日本ヒューレット・パッカード(株)(日本HP)は18日、多ノズルインクジェットヘッドを搭載するなど新しいプリントシステムを採用した『hp color inkjet printer cp1160』、カラー液晶ディスプレーを搭載し、パソコンなしでデジタルカメラ画像を印刷できる『hp photosmart 1315』など、インクジェットプリンター4製品を発表した。

フラッグシップモデル『hp color inkjet printer cp1160』

cp1160は、1色あたり292ノズル(4色合計1168ノズル)という新型インクジェットヘッドを搭載し、USB 2.0にも対応した、日本HPのインクジェットプリンターのフラッグシップモデル。筐体のデザインも『deskjet 990c』や『deskjet 957c』などの丸みを帯びたものから、直線で構成する箱をイメージさせるものに変更した。

『hp color inkjet printer cp1160』
『hp color inkjet printer cp1160』。上には物が置けるようにデザインしたという(耐荷重は22kg)

新型インクジェットヘッドとヘッド移動速度の高速化、インク射出周波数を高めたことにより、テキスト印刷においてドラフトモードでA4モノクロを毎分17枚、カラーで16枚、テキストと画像が混在するドキュメントの印刷において、ベストモードでもA4モノクロを毎分4枚、カラーで毎分4枚出力できる。これは同社の『deskjet 990』と比較して、最大で230%高速化したとしている。インクジェットヘッドは、ノズルへのインクの通り道を用意して異物によるノズルの詰まりを減らした。また、電気的にノズルの詰まりを感知するEDD(Electrostatic Drop Detection)システムを搭載し、あるノズルが詰まった場合に、そのノズルが射出するべきインク滴を、印刷時に別の同じ色のノズルがカバーすることで、印刷エラーを低減する機能を備える。なお従来の日本HPのインクジェットプリンターと異なり、インクタンクとインクヘッド部分は分離している。

液晶ディスプレーでインク残量などが確認できる
液晶ディスプレーでインク残量などプリンターのステータスが確認できる

画質面では、最大印刷解像度は1200×2400dpiでこれまでと変わらないが、これまでドライバーソフトが行なっていた、カラーマッチングやハーフトーン処理を、プリンター内蔵のASICに処理させることで、印刷速度が向上するとともに、画像印刷時の階調表現やエッジ処理がよりきれいになったとしている。

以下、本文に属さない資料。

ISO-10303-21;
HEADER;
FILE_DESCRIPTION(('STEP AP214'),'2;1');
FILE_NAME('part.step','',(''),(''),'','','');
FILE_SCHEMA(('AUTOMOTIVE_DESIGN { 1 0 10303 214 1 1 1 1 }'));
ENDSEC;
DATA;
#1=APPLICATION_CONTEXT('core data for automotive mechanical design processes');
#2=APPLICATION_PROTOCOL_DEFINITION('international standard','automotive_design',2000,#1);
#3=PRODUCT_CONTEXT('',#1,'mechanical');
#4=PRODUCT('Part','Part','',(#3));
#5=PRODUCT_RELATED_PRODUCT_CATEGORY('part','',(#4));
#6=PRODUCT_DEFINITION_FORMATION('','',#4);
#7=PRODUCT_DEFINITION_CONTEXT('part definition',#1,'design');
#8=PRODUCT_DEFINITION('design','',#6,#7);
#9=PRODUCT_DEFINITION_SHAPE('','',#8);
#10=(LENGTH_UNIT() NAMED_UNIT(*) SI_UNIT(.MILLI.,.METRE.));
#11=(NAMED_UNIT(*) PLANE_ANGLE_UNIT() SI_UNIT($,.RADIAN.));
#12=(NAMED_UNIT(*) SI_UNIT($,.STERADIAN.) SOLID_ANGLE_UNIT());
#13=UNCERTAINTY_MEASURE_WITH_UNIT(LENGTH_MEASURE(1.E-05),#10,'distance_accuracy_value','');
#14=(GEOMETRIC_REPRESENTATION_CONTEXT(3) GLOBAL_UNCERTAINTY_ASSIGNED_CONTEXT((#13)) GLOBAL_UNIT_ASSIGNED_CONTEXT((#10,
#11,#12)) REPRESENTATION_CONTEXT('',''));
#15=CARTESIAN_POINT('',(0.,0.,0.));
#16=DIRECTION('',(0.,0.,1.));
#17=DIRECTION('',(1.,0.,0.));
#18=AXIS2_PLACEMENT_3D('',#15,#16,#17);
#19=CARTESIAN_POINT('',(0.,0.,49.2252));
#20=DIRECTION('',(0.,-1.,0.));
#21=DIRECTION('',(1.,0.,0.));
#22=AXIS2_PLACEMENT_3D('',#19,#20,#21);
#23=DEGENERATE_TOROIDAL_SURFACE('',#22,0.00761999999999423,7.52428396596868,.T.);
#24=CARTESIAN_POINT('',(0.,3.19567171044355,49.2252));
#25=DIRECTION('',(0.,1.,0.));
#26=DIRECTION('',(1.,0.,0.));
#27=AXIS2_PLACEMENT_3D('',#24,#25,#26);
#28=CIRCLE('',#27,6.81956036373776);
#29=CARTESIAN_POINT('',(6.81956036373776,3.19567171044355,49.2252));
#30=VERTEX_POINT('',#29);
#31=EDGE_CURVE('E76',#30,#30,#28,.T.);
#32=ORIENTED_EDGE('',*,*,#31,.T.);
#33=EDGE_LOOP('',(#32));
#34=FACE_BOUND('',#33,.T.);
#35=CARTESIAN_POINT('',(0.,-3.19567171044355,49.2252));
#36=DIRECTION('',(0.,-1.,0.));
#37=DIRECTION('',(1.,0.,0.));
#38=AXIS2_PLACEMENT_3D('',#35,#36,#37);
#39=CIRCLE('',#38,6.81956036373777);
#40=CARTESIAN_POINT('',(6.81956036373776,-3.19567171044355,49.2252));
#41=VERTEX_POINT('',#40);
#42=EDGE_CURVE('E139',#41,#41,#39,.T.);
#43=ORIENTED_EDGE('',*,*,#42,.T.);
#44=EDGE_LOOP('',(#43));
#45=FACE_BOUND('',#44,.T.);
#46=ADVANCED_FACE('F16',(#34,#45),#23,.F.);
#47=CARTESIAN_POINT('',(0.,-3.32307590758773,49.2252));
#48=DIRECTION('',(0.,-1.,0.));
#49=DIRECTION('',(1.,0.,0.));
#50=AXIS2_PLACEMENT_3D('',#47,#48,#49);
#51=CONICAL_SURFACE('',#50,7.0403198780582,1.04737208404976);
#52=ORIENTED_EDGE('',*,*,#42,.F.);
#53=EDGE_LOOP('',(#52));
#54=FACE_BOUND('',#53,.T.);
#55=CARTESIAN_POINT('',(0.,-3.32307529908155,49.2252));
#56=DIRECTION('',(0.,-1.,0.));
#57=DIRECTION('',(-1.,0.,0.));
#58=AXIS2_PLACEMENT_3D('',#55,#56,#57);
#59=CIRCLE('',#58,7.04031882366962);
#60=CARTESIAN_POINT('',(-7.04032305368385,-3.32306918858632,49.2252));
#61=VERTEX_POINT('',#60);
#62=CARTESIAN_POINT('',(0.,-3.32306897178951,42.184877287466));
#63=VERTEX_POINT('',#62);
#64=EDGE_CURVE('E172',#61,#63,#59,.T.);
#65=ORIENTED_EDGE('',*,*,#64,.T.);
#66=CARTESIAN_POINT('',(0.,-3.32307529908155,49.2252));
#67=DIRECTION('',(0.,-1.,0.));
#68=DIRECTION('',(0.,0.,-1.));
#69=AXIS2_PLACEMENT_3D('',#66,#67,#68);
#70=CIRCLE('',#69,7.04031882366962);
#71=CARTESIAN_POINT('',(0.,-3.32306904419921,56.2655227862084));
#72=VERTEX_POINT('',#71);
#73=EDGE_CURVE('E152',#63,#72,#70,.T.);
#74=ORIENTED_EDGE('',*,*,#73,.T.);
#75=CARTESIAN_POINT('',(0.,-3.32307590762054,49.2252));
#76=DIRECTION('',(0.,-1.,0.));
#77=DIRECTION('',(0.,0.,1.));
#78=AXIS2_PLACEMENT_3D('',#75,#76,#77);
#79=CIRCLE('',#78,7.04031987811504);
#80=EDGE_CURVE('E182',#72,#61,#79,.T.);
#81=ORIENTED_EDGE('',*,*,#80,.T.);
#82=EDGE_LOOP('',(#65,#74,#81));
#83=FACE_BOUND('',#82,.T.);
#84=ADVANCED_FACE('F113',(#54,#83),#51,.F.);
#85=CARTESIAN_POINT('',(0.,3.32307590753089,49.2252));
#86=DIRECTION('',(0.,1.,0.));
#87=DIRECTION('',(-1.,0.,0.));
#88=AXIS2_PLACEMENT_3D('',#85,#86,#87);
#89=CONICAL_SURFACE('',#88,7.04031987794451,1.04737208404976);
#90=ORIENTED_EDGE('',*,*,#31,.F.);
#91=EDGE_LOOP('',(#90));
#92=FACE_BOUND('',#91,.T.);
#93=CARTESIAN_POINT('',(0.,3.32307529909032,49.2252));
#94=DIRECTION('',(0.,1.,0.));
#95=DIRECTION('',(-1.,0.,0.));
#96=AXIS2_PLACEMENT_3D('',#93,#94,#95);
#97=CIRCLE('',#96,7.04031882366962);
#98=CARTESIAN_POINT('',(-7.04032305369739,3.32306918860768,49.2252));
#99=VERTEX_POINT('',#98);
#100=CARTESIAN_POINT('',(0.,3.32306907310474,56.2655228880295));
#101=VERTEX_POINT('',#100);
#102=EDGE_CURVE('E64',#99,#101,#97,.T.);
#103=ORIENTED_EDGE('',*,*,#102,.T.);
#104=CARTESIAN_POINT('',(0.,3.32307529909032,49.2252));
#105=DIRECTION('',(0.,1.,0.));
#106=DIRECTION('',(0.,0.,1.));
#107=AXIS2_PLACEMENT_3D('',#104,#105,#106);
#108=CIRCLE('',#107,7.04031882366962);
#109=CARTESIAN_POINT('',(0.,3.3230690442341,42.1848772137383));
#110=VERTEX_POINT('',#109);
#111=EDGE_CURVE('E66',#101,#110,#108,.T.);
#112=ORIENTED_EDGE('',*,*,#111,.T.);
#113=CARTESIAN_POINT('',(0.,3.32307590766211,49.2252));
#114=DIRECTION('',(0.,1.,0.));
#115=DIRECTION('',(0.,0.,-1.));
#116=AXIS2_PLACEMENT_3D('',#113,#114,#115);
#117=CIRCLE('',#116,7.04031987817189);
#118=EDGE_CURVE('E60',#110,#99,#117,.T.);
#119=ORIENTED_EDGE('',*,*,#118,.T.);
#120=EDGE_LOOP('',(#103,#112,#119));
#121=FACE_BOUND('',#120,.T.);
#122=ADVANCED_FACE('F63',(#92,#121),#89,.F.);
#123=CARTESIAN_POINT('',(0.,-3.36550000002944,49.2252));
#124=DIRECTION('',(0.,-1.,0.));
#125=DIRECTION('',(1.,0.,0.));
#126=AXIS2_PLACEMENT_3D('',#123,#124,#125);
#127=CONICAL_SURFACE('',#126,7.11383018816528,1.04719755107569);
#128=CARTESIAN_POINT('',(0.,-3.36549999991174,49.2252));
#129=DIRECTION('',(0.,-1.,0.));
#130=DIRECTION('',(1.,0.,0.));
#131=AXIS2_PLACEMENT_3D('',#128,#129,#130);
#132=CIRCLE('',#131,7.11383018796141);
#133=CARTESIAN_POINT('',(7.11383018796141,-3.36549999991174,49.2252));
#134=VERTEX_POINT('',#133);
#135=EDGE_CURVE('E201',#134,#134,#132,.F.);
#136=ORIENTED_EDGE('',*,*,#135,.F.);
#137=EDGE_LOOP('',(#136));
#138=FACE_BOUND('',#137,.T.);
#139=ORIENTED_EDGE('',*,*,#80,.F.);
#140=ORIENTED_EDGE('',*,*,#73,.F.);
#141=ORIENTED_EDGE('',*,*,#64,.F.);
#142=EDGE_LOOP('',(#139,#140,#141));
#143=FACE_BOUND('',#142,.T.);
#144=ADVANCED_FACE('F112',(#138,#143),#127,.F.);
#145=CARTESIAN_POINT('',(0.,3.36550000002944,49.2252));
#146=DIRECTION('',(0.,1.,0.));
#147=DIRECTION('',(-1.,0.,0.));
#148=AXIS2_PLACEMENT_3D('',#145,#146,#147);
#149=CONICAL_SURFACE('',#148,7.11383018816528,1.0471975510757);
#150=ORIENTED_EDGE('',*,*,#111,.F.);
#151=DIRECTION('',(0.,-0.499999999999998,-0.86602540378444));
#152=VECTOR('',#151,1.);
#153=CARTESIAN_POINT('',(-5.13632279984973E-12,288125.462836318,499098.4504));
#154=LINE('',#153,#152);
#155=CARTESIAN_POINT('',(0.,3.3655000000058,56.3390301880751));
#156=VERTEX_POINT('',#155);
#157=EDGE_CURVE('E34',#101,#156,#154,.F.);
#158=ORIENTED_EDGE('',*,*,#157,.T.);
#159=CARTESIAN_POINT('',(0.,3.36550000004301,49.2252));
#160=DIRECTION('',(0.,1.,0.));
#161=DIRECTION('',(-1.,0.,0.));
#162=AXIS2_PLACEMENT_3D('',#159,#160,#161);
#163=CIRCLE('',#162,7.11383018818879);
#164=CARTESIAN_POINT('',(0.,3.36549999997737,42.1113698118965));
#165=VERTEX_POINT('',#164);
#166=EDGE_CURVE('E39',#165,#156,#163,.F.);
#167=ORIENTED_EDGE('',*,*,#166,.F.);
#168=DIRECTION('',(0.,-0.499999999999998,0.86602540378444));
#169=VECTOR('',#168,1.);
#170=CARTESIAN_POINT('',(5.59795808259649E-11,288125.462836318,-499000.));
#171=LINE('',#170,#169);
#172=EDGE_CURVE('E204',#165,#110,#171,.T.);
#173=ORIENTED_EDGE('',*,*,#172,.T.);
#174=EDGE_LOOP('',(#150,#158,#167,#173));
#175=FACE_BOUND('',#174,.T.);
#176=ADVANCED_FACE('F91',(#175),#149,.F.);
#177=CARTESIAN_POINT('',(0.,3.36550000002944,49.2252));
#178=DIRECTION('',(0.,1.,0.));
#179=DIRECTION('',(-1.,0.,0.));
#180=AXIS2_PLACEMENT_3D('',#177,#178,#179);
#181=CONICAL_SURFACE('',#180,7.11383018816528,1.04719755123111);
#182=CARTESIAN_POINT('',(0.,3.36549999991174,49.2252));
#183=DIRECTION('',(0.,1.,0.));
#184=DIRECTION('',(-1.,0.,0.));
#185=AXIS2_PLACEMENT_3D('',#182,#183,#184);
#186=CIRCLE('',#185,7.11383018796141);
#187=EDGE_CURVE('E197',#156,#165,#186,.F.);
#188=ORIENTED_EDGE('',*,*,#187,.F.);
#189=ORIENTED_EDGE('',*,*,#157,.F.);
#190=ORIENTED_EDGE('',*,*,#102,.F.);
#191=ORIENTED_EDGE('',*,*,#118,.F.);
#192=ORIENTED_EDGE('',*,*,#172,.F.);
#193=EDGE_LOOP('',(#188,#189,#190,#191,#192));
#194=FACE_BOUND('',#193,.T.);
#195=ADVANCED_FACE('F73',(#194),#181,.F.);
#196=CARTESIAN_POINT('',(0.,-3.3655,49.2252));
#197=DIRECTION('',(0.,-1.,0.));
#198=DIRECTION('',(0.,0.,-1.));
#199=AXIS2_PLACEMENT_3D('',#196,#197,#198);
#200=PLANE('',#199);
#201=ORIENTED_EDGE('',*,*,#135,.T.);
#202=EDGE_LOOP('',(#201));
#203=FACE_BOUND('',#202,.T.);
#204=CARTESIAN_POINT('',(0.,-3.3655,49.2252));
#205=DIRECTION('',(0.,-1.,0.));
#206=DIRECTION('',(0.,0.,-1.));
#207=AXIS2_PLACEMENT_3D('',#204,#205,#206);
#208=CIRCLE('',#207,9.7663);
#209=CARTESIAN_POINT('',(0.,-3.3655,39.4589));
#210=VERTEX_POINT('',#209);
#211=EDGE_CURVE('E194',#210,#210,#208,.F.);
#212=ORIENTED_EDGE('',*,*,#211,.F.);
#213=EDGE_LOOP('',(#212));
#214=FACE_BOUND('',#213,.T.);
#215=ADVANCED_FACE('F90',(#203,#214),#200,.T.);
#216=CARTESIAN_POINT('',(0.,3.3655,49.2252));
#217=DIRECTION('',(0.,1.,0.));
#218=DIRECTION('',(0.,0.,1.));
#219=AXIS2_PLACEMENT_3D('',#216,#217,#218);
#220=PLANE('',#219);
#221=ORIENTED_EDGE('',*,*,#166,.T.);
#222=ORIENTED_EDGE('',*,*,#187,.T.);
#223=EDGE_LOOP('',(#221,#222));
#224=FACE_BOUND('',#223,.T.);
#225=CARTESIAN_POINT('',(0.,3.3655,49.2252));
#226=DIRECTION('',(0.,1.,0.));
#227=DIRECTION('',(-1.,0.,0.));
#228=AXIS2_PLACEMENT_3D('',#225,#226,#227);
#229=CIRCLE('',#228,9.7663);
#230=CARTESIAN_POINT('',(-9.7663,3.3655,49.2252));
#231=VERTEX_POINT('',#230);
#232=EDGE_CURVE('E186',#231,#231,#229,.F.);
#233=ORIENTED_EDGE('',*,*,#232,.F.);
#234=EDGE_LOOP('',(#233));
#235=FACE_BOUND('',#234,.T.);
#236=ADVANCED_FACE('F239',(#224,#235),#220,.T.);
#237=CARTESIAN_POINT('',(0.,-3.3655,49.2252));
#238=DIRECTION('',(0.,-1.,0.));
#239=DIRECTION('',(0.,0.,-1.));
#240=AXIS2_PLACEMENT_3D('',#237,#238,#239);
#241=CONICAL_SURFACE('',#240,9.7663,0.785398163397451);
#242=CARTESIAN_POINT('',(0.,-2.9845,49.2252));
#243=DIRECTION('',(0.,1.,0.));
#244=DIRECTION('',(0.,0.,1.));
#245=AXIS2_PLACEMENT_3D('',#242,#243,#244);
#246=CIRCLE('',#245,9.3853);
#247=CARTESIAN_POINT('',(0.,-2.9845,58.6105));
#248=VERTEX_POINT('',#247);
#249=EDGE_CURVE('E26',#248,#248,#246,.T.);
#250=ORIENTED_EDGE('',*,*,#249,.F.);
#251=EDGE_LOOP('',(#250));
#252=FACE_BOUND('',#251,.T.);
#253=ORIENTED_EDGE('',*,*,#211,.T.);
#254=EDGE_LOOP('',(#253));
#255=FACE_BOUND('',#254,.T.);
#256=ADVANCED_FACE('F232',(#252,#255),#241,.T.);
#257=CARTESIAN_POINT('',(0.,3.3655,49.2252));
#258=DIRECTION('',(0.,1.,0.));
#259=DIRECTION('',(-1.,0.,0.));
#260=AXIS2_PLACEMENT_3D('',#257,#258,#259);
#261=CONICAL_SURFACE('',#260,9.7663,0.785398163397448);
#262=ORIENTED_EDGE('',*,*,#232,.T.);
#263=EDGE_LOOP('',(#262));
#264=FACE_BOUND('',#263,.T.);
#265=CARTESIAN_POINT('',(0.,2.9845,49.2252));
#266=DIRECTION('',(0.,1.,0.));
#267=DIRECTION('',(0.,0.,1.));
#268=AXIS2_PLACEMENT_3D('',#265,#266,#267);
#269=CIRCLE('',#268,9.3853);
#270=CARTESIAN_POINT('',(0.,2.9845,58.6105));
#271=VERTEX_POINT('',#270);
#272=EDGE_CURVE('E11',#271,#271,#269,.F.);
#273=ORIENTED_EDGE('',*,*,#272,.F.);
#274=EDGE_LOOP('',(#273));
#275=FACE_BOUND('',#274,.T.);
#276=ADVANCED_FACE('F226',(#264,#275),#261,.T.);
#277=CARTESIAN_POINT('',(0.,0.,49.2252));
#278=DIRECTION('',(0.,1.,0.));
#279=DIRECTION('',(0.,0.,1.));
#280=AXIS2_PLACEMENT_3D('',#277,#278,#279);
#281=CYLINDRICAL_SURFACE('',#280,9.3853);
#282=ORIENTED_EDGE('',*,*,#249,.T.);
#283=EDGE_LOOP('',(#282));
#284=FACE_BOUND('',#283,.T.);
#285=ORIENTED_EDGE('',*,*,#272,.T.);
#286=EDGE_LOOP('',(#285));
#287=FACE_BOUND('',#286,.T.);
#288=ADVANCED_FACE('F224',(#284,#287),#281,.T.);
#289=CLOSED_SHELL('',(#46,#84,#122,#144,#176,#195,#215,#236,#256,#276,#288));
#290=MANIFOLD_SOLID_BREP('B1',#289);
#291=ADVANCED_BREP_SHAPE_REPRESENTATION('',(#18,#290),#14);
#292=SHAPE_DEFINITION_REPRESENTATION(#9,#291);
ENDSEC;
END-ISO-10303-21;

LIOスロットには標準でパラレルポートモジュールが付属している
LIOスロットには標準でパラレルポートモジュールが付属している

このほか、両面印刷ユニットによる自動両面印刷機能、筐体全面の液晶ディスプレーにインク残量を表示できる機能や、LEDと光学センサーによって、セットされた用紙がフォト印刷用紙、OHP用フィルム、高画質カラー印刷用紙、通常のプリント用紙のいずれなのかを判断する機能を備えている。インターフェースはUSB 2.0に対応するほか、“LIOスロット”と呼ぶインターフェーススロットを装備しており、オプションのEthernetモジュールを購入することで、LANに直接接続できる。なお標準ではパラレルポートインターフェースが付属する。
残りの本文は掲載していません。